BEGIN Listed entries
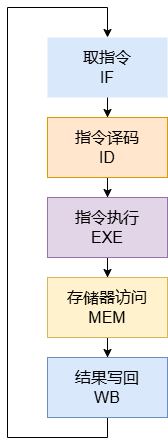

The diagram above was exported from draw.io. Its source (the exported page's mxGraphModel, read from the mxfile embedded in the PNG):
<mxGraphModel dx="1002" dy="567" grid="1" gridSize="10" guides="1" tooltips="1" connect="1" arrows="1" fold="1" page="1" pageScale="1" pageWidth="827" pageHeight="1169" math="0" shadow="0">
  <root>
    <mxCell id="0" />
    <mxCell id="1" parent="0" />
    <mxCell id="S9UVqAKmLdm6C1E2RBa_-3" value="" style="edgeStyle=orthogonalEdgeStyle;rounded=0;orthogonalLoop=1;jettySize=auto;html=1;" edge="1" parent="1" source="S9UVqAKmLdm6C1E2RBa_-1" target="S9UVqAKmLdm6C1E2RBa_-2">
      <mxGeometry relative="1" as="geometry" />
    </mxCell>
    <mxCell id="S9UVqAKmLdm6C1E2RBa_-1" value="&lt;font style=&quot;font-size: 16px;&quot;&gt;取指令&lt;/font&gt;&lt;div style=&quot;font-size: 16px;&quot;&gt;&lt;font style=&quot;font-size: 16px;&quot;&gt;IF&lt;/font&gt;&lt;/div&gt;" style="rounded=0;whiteSpace=wrap;html=1;fillColor=#dae8fc;strokeColor=none;" vertex="1" parent="1">
      <mxGeometry x="220" y="190" width="120" height="60" as="geometry" />
    </mxCell>
    <mxCell id="S9UVqAKmLdm6C1E2RBa_-5" value="" style="edgeStyle=orthogonalEdgeStyle;rounded=0;orthogonalLoop=1;jettySize=auto;html=1;" edge="1" parent="1" source="S9UVqAKmLdm6C1E2RBa_-2" target="S9UVqAKmLdm6C1E2RBa_-4">
      <mxGeometry relative="1" as="geometry" />
    </mxCell>
    <mxCell id="S9UVqAKmLdm6C1E2RBa_-2" value="&lt;span style=&quot;font-size: 16px;&quot;&gt;指令译码&lt;/span&gt;&lt;div&gt;&lt;span style=&quot;font-size: 16px;&quot;&gt;ID&lt;/span&gt;&lt;/div&gt;" style="rounded=0;whiteSpace=wrap;html=1;fillColor=#ffe6cc;strokeColor=#d79b00;" vertex="1" parent="1">
      <mxGeometry x="220" y="270" width="120" height="60" as="geometry" />
    </mxCell>
    <mxCell id="S9UVqAKmLdm6C1E2RBa_-7" value="" style="edgeStyle=orthogonalEdgeStyle;rounded=0;orthogonalLoop=1;jettySize=auto;html=1;" edge="1" parent="1" source="S9UVqAKmLdm6C1E2RBa_-4" target="S9UVqAKmLdm6C1E2RBa_-6">
      <mxGeometry relative="1" as="geometry" />
    </mxCell>
    <mxCell id="S9UVqAKmLdm6C1E2RBa_-4" value="&lt;span style=&quot;font-size: 16px;&quot;&gt;指令执行&lt;/span&gt;&lt;div&gt;&lt;span style=&quot;font-size: 16px;&quot;&gt;EXE&lt;/span&gt;&lt;/div&gt;" style="rounded=0;whiteSpace=wrap;html=1;fillColor=#e1d5e7;strokeColor=#9673a6;" vertex="1" parent="1">
      <mxGeometry x="220" y="350" width="120" height="60" as="geometry" />
    </mxCell>
    <mxCell id="S9UVqAKmLdm6C1E2RBa_-9" value="" style="edgeStyle=orthogonalEdgeStyle;rounded=0;orthogonalLoop=1;jettySize=auto;html=1;" edge="1" parent="1" source="S9UVqAKmLdm6C1E2RBa_-6" target="S9UVqAKmLdm6C1E2RBa_-8">
      <mxGeometry relative="1" as="geometry" />
    </mxCell>
    <mxCell id="S9UVqAKmLdm6C1E2RBa_-6" value="&lt;span style=&quot;font-size: 16px;&quot;&gt;存储器访问&lt;/span&gt;&lt;div&gt;&lt;span style=&quot;font-size: 16px;&quot;&gt;MEM&lt;/span&gt;&lt;/div&gt;" style="rounded=0;whiteSpace=wrap;html=1;fillColor=#fff2cc;strokeColor=#d6b656;" vertex="1" parent="1">
      <mxGeometry x="220" y="430" width="120" height="60" as="geometry" />
    </mxCell>
    <mxCell id="S9UVqAKmLdm6C1E2RBa_-10" style="edgeStyle=orthogonalEdgeStyle;rounded=0;orthogonalLoop=1;jettySize=auto;html=1;entryX=0.5;entryY=0;entryDx=0;entryDy=0;exitX=0.5;exitY=1;exitDx=0;exitDy=0;" edge="1" parent="1" source="S9UVqAKmLdm6C1E2RBa_-8" target="S9UVqAKmLdm6C1E2RBa_-1">
      <mxGeometry relative="1" as="geometry">
        <Array as="points">
          <mxPoint x="280" y="590" />
          <mxPoint x="180" y="590" />
          <mxPoint x="180" y="160" />
          <mxPoint x="280" y="160" />
        </Array>
      </mxGeometry>
    </mxCell>
    <mxCell id="S9UVqAKmLdm6C1E2RBa_-8" value="&lt;span style=&quot;font-size: 16px;&quot;&gt;结果写回&lt;/span&gt;&lt;div&gt;&lt;span style=&quot;font-size: 16px;&quot;&gt;WB&lt;/span&gt;&lt;/div&gt;" style="rounded=0;whiteSpace=wrap;html=1;fillColor=#dae8fc;strokeColor=#6c8ebf;" vertex="1" parent="1">
      <mxGeometry x="220" y="510" width="120" height="60" as="geometry" />
    </mxCell>
  </root>
</mxGraphModel>
END Listed entries
About this exercise:
All records above are to be printed exactly, minus the pictures they contain.

Exercise result:
The diagram above was exported from draw.io. Its source (the exported page's mxGraphModel, read from the mxfile embedded in the PNG):
<mxGraphModel dx="1002" dy="567" grid="1" gridSize="10" guides="1" tooltips="1" connect="1" arrows="1" fold="1" page="1" pageScale="1" pageWidth="827" pageHeight="1169" math="0" shadow="0">
  <root>
    <mxCell id="0" />
    <mxCell id="1" parent="0" />
    <mxCell id="S9UVqAKmLdm6C1E2RBa_-3" value="" style="edgeStyle=orthogonalEdgeStyle;rounded=0;orthogonalLoop=1;jettySize=auto;html=1;" edge="1" parent="1" source="S9UVqAKmLdm6C1E2RBa_-1" target="S9UVqAKmLdm6C1E2RBa_-2">
      <mxGeometry relative="1" as="geometry" />
    </mxCell>
    <mxCell id="S9UVqAKmLdm6C1E2RBa_-1" value="&lt;font style=&quot;font-size: 16px;&quot;&gt;取指令&lt;/font&gt;&lt;div style=&quot;font-size: 16px;&quot;&gt;&lt;font style=&quot;font-size: 16px;&quot;&gt;IF&lt;/font&gt;&lt;/div&gt;" style="rounded=0;whiteSpace=wrap;html=1;fillColor=#dae8fc;strokeColor=none;" vertex="1" parent="1">
      <mxGeometry x="220" y="190" width="120" height="60" as="geometry" />
    </mxCell>
    <mxCell id="S9UVqAKmLdm6C1E2RBa_-5" value="" style="edgeStyle=orthogonalEdgeStyle;rounded=0;orthogonalLoop=1;jettySize=auto;html=1;" edge="1" parent="1" source="S9UVqAKmLdm6C1E2RBa_-2" target="S9UVqAKmLdm6C1E2RBa_-4">
      <mxGeometry relative="1" as="geometry" />
    </mxCell>
    <mxCell id="S9UVqAKmLdm6C1E2RBa_-2" value="&lt;span style=&quot;font-size: 16px;&quot;&gt;指令译码&lt;/span&gt;&lt;div&gt;&lt;span style=&quot;font-size: 16px;&quot;&gt;ID&lt;/span&gt;&lt;/div&gt;" style="rounded=0;whiteSpace=wrap;html=1;fillColor=#ffe6cc;strokeColor=#d79b00;" vertex="1" parent="1">
      <mxGeometry x="220" y="270" width="120" height="60" as="geometry" />
    </mxCell>
    <mxCell id="S9UVqAKmLdm6C1E2RBa_-7" value="" style="edgeStyle=orthogonalEdgeStyle;rounded=0;orthogonalLoop=1;jettySize=auto;html=1;" edge="1" parent="1" source="S9UVqAKmLdm6C1E2RBa_-4" target="S9UVqAKmLdm6C1E2RBa_-6">
      <mxGeometry relative="1" as="geometry" />
    </mxCell>
    <mxCell id="S9UVqAKmLdm6C1E2RBa_-4" value="&lt;span style=&quot;font-size: 16px;&quot;&gt;指令执行&lt;/span&gt;&lt;div&gt;&lt;span style=&quot;font-size: 16px;&quot;&gt;EXE&lt;/span&gt;&lt;/div&gt;" style="rounded=0;whiteSpace=wrap;html=1;fillColor=#e1d5e7;strokeColor=#9673a6;" vertex="1" parent="1">
      <mxGeometry x="220" y="350" width="120" height="60" as="geometry" />
    </mxCell>
    <mxCell id="S9UVqAKmLdm6C1E2RBa_-9" value="" style="edgeStyle=orthogonalEdgeStyle;rounded=0;orthogonalLoop=1;jettySize=auto;html=1;" edge="1" parent="1" source="S9UVqAKmLdm6C1E2RBa_-6" target="S9UVqAKmLdm6C1E2RBa_-8">
      <mxGeometry relative="1" as="geometry" />
    </mxCell>
    <mxCell id="S9UVqAKmLdm6C1E2RBa_-6" value="&lt;span style=&quot;font-size: 16px;&quot;&gt;存储器访问&lt;/span&gt;&lt;div&gt;&lt;span style=&quot;font-size: 16px;&quot;&gt;MEM&lt;/span&gt;&lt;/div&gt;" style="rounded=0;whiteSpace=wrap;html=1;fillColor=#fff2cc;strokeColor=#d6b656;" vertex="1" parent="1">
      <mxGeometry x="220" y="430" width="120" height="60" as="geometry" />
    </mxCell>
    <mxCell id="S9UVqAKmLdm6C1E2RBa_-10" style="edgeStyle=orthogonalEdgeStyle;rounded=0;orthogonalLoop=1;jettySize=auto;html=1;entryX=0.5;entryY=0;entryDx=0;entryDy=0;exitX=0.5;exitY=1;exitDx=0;exitDy=0;" edge="1" parent="1" source="S9UVqAKmLdm6C1E2RBa_-8" target="S9UVqAKmLdm6C1E2RBa_-1">
      <mxGeometry relative="1" as="geometry">
        <Array as="points">
          <mxPoint x="280" y="590" />
          <mxPoint x="180" y="590" />
          <mxPoint x="180" y="160" />
          <mxPoint x="280" y="160" />
        </Array>
      </mxGeometry>
    </mxCell>
    <mxCell id="S9UVqAKmLdm6C1E2RBa_-8" value="&lt;span style=&quot;font-size: 16px;&quot;&gt;结果写回&lt;/span&gt;&lt;div&gt;&lt;span style=&quot;font-size: 16px;&quot;&gt;WB&lt;/span&gt;&lt;/div&gt;" style="rounded=0;whiteSpace=wrap;html=1;fillColor=#dae8fc;strokeColor=#6c8ebf;" vertex="1" parent="1">
      <mxGeometry x="220" y="510" width="120" height="60" as="geometry" />
    </mxCell>
  </root>
</mxGraphModel>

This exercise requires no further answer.